***** RECORDS FOR THIS EXERCISE

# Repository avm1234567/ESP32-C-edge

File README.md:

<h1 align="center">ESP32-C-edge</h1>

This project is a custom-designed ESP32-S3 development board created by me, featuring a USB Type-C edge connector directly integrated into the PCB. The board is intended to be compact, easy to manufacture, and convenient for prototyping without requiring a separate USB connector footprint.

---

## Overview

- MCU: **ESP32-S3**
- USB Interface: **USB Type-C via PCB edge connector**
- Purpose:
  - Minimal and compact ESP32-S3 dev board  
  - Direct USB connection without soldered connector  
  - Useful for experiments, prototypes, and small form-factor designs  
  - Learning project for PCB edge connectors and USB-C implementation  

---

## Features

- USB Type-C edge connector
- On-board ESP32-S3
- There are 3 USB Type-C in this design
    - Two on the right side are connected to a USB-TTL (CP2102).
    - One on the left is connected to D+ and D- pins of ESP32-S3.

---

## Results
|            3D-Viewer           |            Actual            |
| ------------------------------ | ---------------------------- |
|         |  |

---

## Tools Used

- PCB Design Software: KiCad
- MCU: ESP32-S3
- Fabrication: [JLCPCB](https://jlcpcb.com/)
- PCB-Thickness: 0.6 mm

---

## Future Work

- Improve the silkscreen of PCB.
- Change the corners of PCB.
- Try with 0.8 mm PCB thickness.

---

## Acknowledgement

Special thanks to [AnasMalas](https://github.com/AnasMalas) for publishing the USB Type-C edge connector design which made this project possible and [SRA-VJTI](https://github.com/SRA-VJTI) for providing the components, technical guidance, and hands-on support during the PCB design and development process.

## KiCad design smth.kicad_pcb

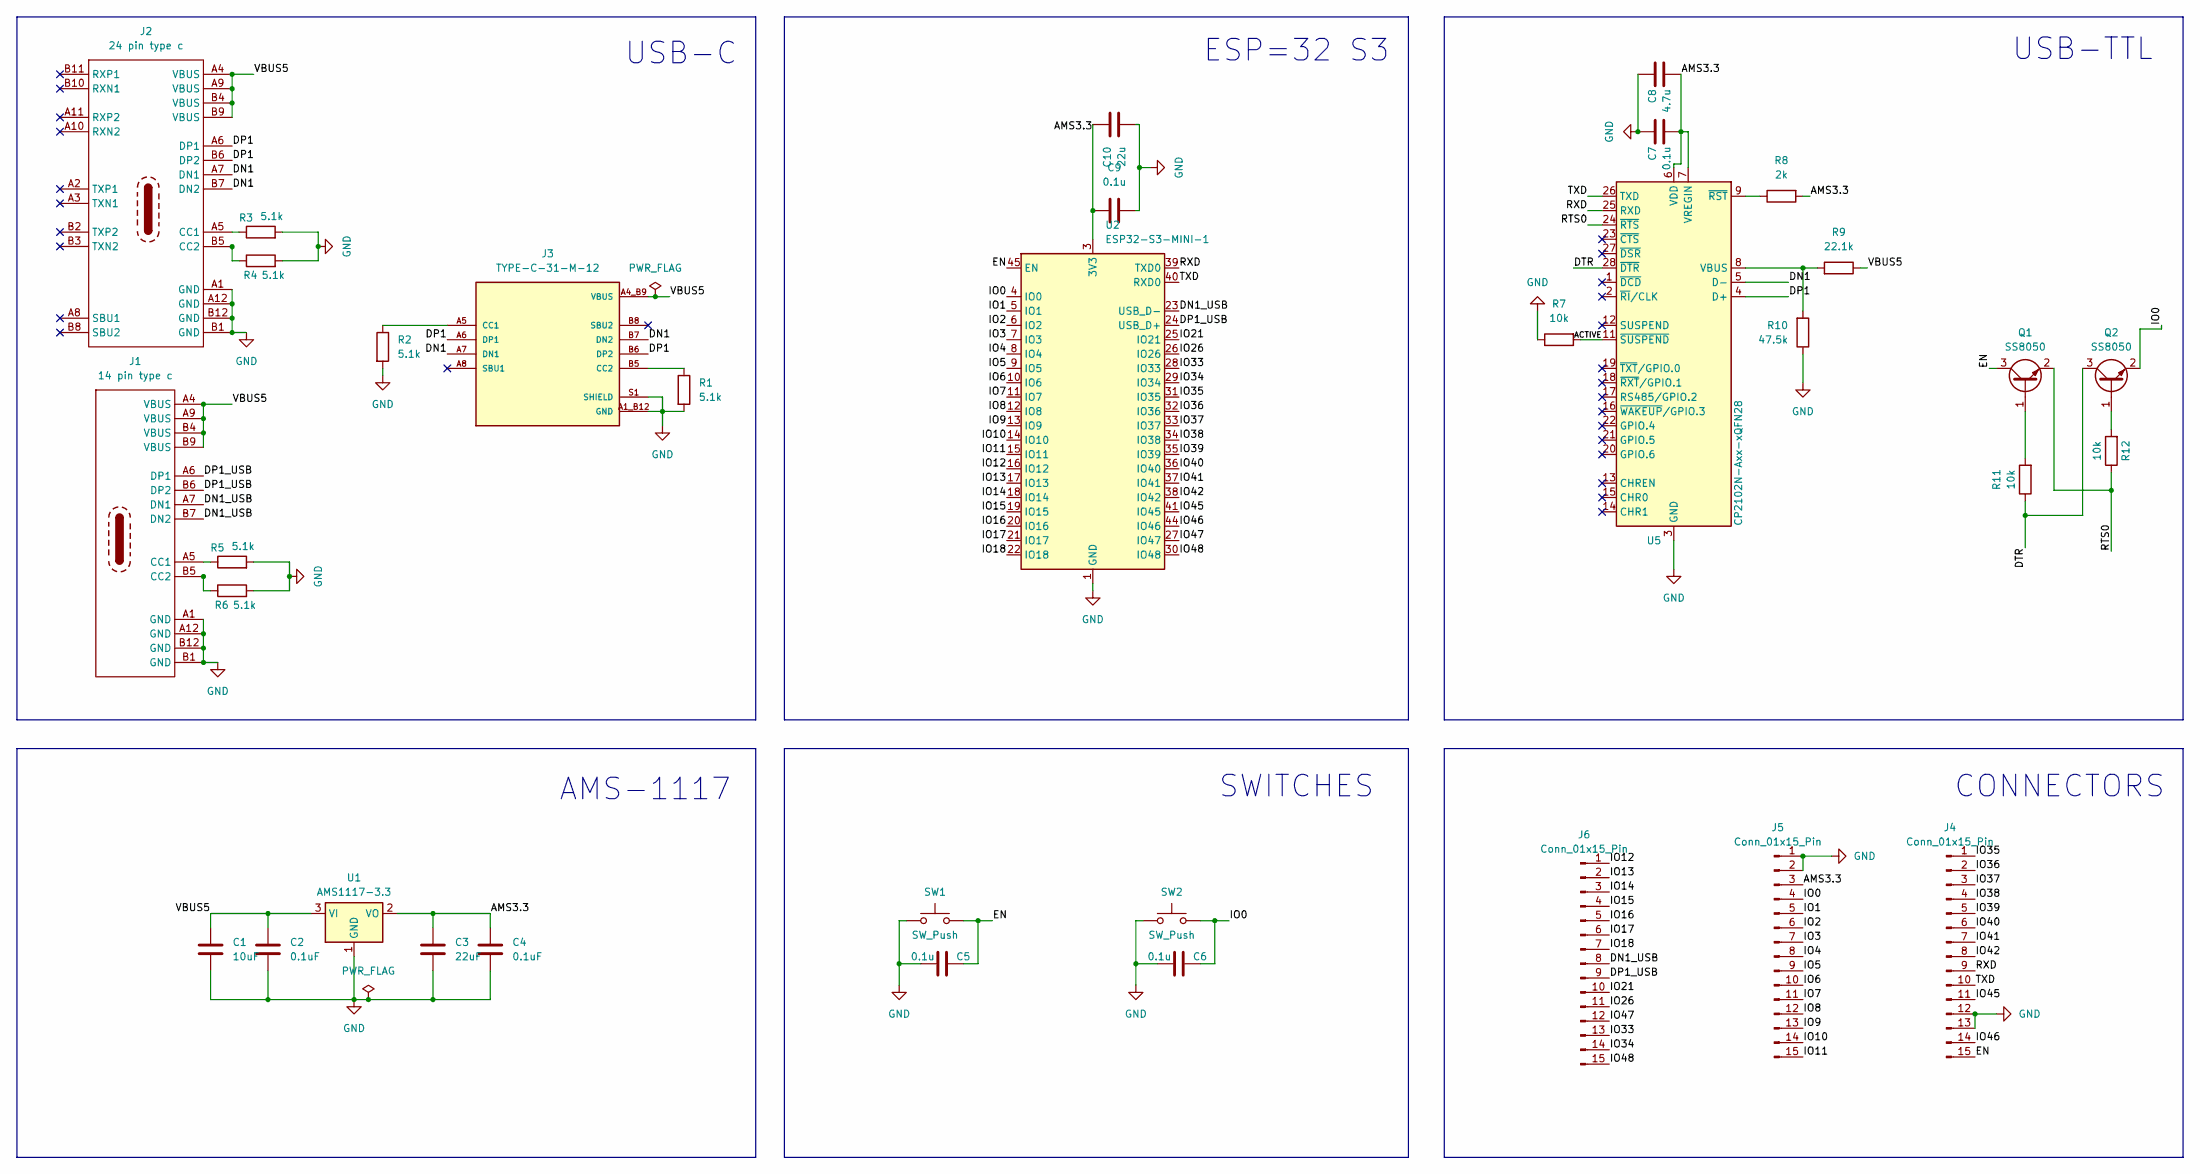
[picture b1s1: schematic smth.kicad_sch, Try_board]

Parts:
C1: 10uF; C_0805_2012Metric_Pad1.18x1.45mm_HandSolder
C2, C4: 0.1uF; C_0805_2012Metric_Pad1.18x1.45mm_HandSolder
C3: 22uF; C_0805_2012Metric_Pad1.18x1.45mm_HandSolder
C5, C6, C7, C9: 0.1u; C_0805_2012Metric_Pad1.18x1.45mm_HandSolder
C8: 4.7u; C_0805_2012Metric_Pad1.18x1.45mm_HandSolder
C10: 22u; C_0805_2012Metric_Pad1.18x1.45mm_HandSolder
J1: 14 pin type c; PCBTypeC_14P
J2: 24 pin type c; PCBTypeC_14P
J3: TYPE-C-31-M-12; HRO_TYPE-C-31-M-12; PARTREV 2020.12.08
J4, J5, J6: Conn_01x15_Pin; PinHeader_1x14_P2.54mm_Vertical
Q1, Q2: SS8050; SOT-23
R1, R2, R3, R4, R5, R6: 5.1k; R_0805_2012Metric_Pad1.20x1.40mm_HandSolder
R7, R11, R12: 10k; R_0805_2012Metric_Pad1.20x1.40mm_HandSolder
R8: 2k; R_0805_2012Metric_Pad1.20x1.40mm_HandSolder
R9: 22.1k; R_0805_2012Metric_Pad1.20x1.40mm_HandSolder
R10: 47.5k; R_0805_2012Metric_Pad1.20x1.40mm_HandSolder
SW1, SW2: SW_Push; SW_Push_SPST_NO_Alps_SKRK
U1: AMS1117-3.3; SOT-223-3_TabPin2
U2: ESP32-S3-MINI-1; ESP32-S2-MINI-1
U5: CP2102N-Axx-xQFN28; QFN-28-1EP_5x5mm_P0.5mm_EP3.35x3.35mm

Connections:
/ACTIVE: R7.2, U5.11 (~SUSPEND)
/AMS3.3: C3.1, C4.1, C7.2, C8.2, C9.1, C10.1, J5.3, R8.2, U1.2 (VO), U2.3 (3V3), U5.6 (VDD), U5.7 (VREGIN)
/DN1: J2.A7 (DN1), J2.B7 (DN2), J3.A7 (DN1), J3.B7 (DN2), U5.5 (D-)
/DN1_USB: J1.A7 (DN1), J1.B7 (DN2), J6.8, U2.23 (USB_D-)
/DP1: J2.A6 (DP1), J2.B6 (DP2), J3.A6 (DP1), J3.B6 (DP2), U5.4 (D+)
/DP1_USB: J1.A6 (DP1), J1.B6 (DP2), J6.9, U2.24 (USB_D+)
/DTR: Q2.3 (C), R11.1, U5.28 (~DTR)
/EN: C5.1, J4.15, Q1.3 (C), SW1.2, U2.45 (EN)
/IO0: C6.1, J5.4, Q2.2 (E), SW2.2, U2.4 (IO0)
/IO1: J5.5, U2.5 (IO1)
/IO2: J5.6, U2.6 (IO2)
/IO3: J5.7, U2.7 (IO3)
/IO4: J5.8, U2.8 (IO4)
/IO5: J5.9, U2.9 (IO5)
/IO6: J5.10, U2.10 (IO6)
/IO7: J5.11, U2.11 (IO7)
/IO8: J5.12, U2.12 (IO8)
/IO9: J5.13, U2.13 (IO9)
/IO10: J5.14, U2.14 (IO10)
/IO11: J5.15, U2.15 (IO11)
/IO12: J6.1, U2.16 (IO12)
/IO13: J6.2, U2.17 (IO13)
/IO14: J6.3, U2.18 (IO14)
/IO15: J6.4, U2.19 (IO15)
/IO16: J6.5, U2.20 (IO16)
/IO17: J6.6, U2.21 (IO17)
/IO18: J6.7, U2.22 (IO18)
/IO21: J6.10, U2.25 (IO21)
/IO26: J6.11, U2.26 (IO26)
/IO33: J6.13, U2.28 (IO33)
/IO34: J6.14, U2.29 (IO34)
/IO35: J4.1, U2.31 (IO35)
/IO36: J4.2, U2.32 (IO36)
/IO37: J4.3, U2.33 (IO37)
/IO38: J4.4, U2.34 (IO38)
/IO39: J4.5, U2.35 (IO39)
/IO40: J4.6, U2.36 (IO40)
/IO41: J4.7, U2.37 (IO41)
/IO42: J4.8, U2.38 (IO42)
/IO45: J4.11, U2.41 (IO45)
/IO46: J4.14, U2.44 (IO46)
/IO47: J6.12, U2.27 (IO47)
/IO48: J6.15, U2.30 (IO48)
/RTS0: Q1.2 (E), R12.1, U5.24 (~RTS)
/RXD: J4.9, U2.39 (TXD0), U5.25 (RXD)
/TXD: J4.10, U2.40 (RXD0), U5.26 (TXD)
GND: C1.2, C2.2, C3.2, C4.2, C5.2, C6.2, C7.1, C8.1, C9.2, C10.2, J1.A1 (GND), J1.A12 (GND), J1.B1 (GND), J1.B12 (GND), J2.A1 (GND), J2.A12 (GND), J2.B1 (GND), J2.B12 (GND), J3.A1_B12 (GND), J3.B1_A12 (GND), J3.S1 (SHIELD), J3.S2 (SHIELD), J3.S3 (SHIELD), J3.S4 (SHIELD), J4.12, J4.13, J5.1, J5.2, R1.2, R2.2, R3.2, R4.2, R5.2, R6.2, R7.1, R10.1, SW1.1, SW2.1, U1.1 (GND), U2.1 (GND), U2.2 (GND), U2.42 (GND), U2.43 (GND), U2.46 (GND), U2.47 (GND), U2.48 (GND), U2.49 (GND), U2.50 (GND), U2.51 (GND), U2.52 (GND), U2.53 (GND), U2.54 (GND), U2.55 (GND), U2.56 (GND), U2.57 (GND), U2.58 (GND), U2.59 (GND), U2.60 (GND), U2.61 (GND), U2.62 (GND), U2.63 (GND), U2.64 (GND), U2.65 (GND), U5.3 (GND), U5.29 (GND)
unnamed: J1.A5 (CC1), R5.1
unnamed: J1.B5 (CC2), R6.1
unnamed: J2.A5 (CC1), R3.1
unnamed: J2.B5 (CC2), R4.1
unnamed: J3.A5 (CC1), R2.1
unnamed: J3.B5 (CC2), R1.1
unnamed: Q1.1 (B), R11.2
unnamed: Q2.1 (B), R12.2
unnamed: R9.2, R10.2, U5.8 (VBUS)
unnamed: R8.1, U5.9 (~RST)
VBUS: C1.1, C2.1, J1.A4 (VBUS), J1.A9 (VBUS), J1.B4 (VBUS), J1.B9 (VBUS), J2.A4 (VBUS), J2.A9 (VBUS), J2.B4 (VBUS), J2.B9 (VBUS), J3.A4_B9 (VBUS), J3.B4_A9 (VBUS), R9.1, U1.3 (VI)

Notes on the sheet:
SWITCHES
ESP=32 S3
CONNECTORS
USB-C
AMS-1117
USB-TTL

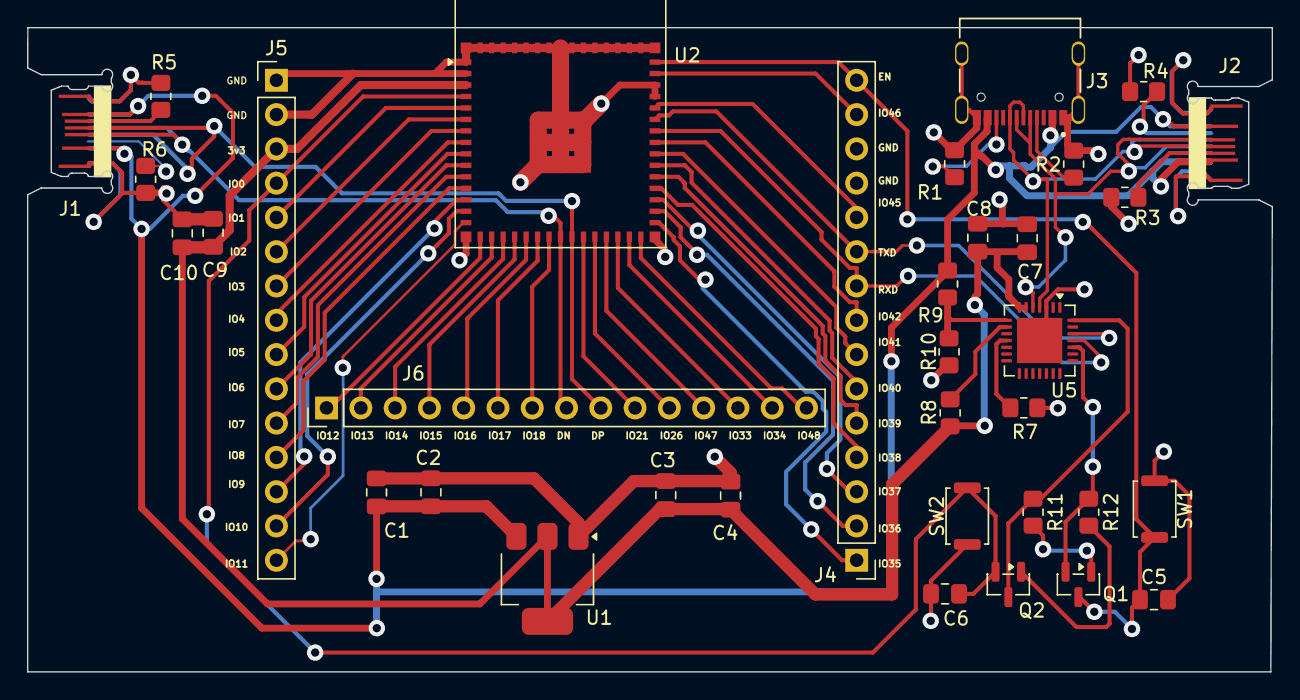
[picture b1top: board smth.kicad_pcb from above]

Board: 2 copper layers, 92.2 x 47.7 mm, 35 parts (0 on the bottom side), 58 nets.

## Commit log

2026-01-28 Schematic and PCB file
2026-01-28 Assets added
2026-01-28 Readme Modified

**********

Using the records above, report each line with the string "without".

TASK OUTPUT:
This project is a custom-designed ESP32-S3 development board created by me, featuring a USB Type-C edge connector directly integrated into the PCB. The board is intended to be compact, easy to manufacture, and convenient for prototyping without requiring a separate USB connector footprint.
  - Direct USB connection without soldered connector  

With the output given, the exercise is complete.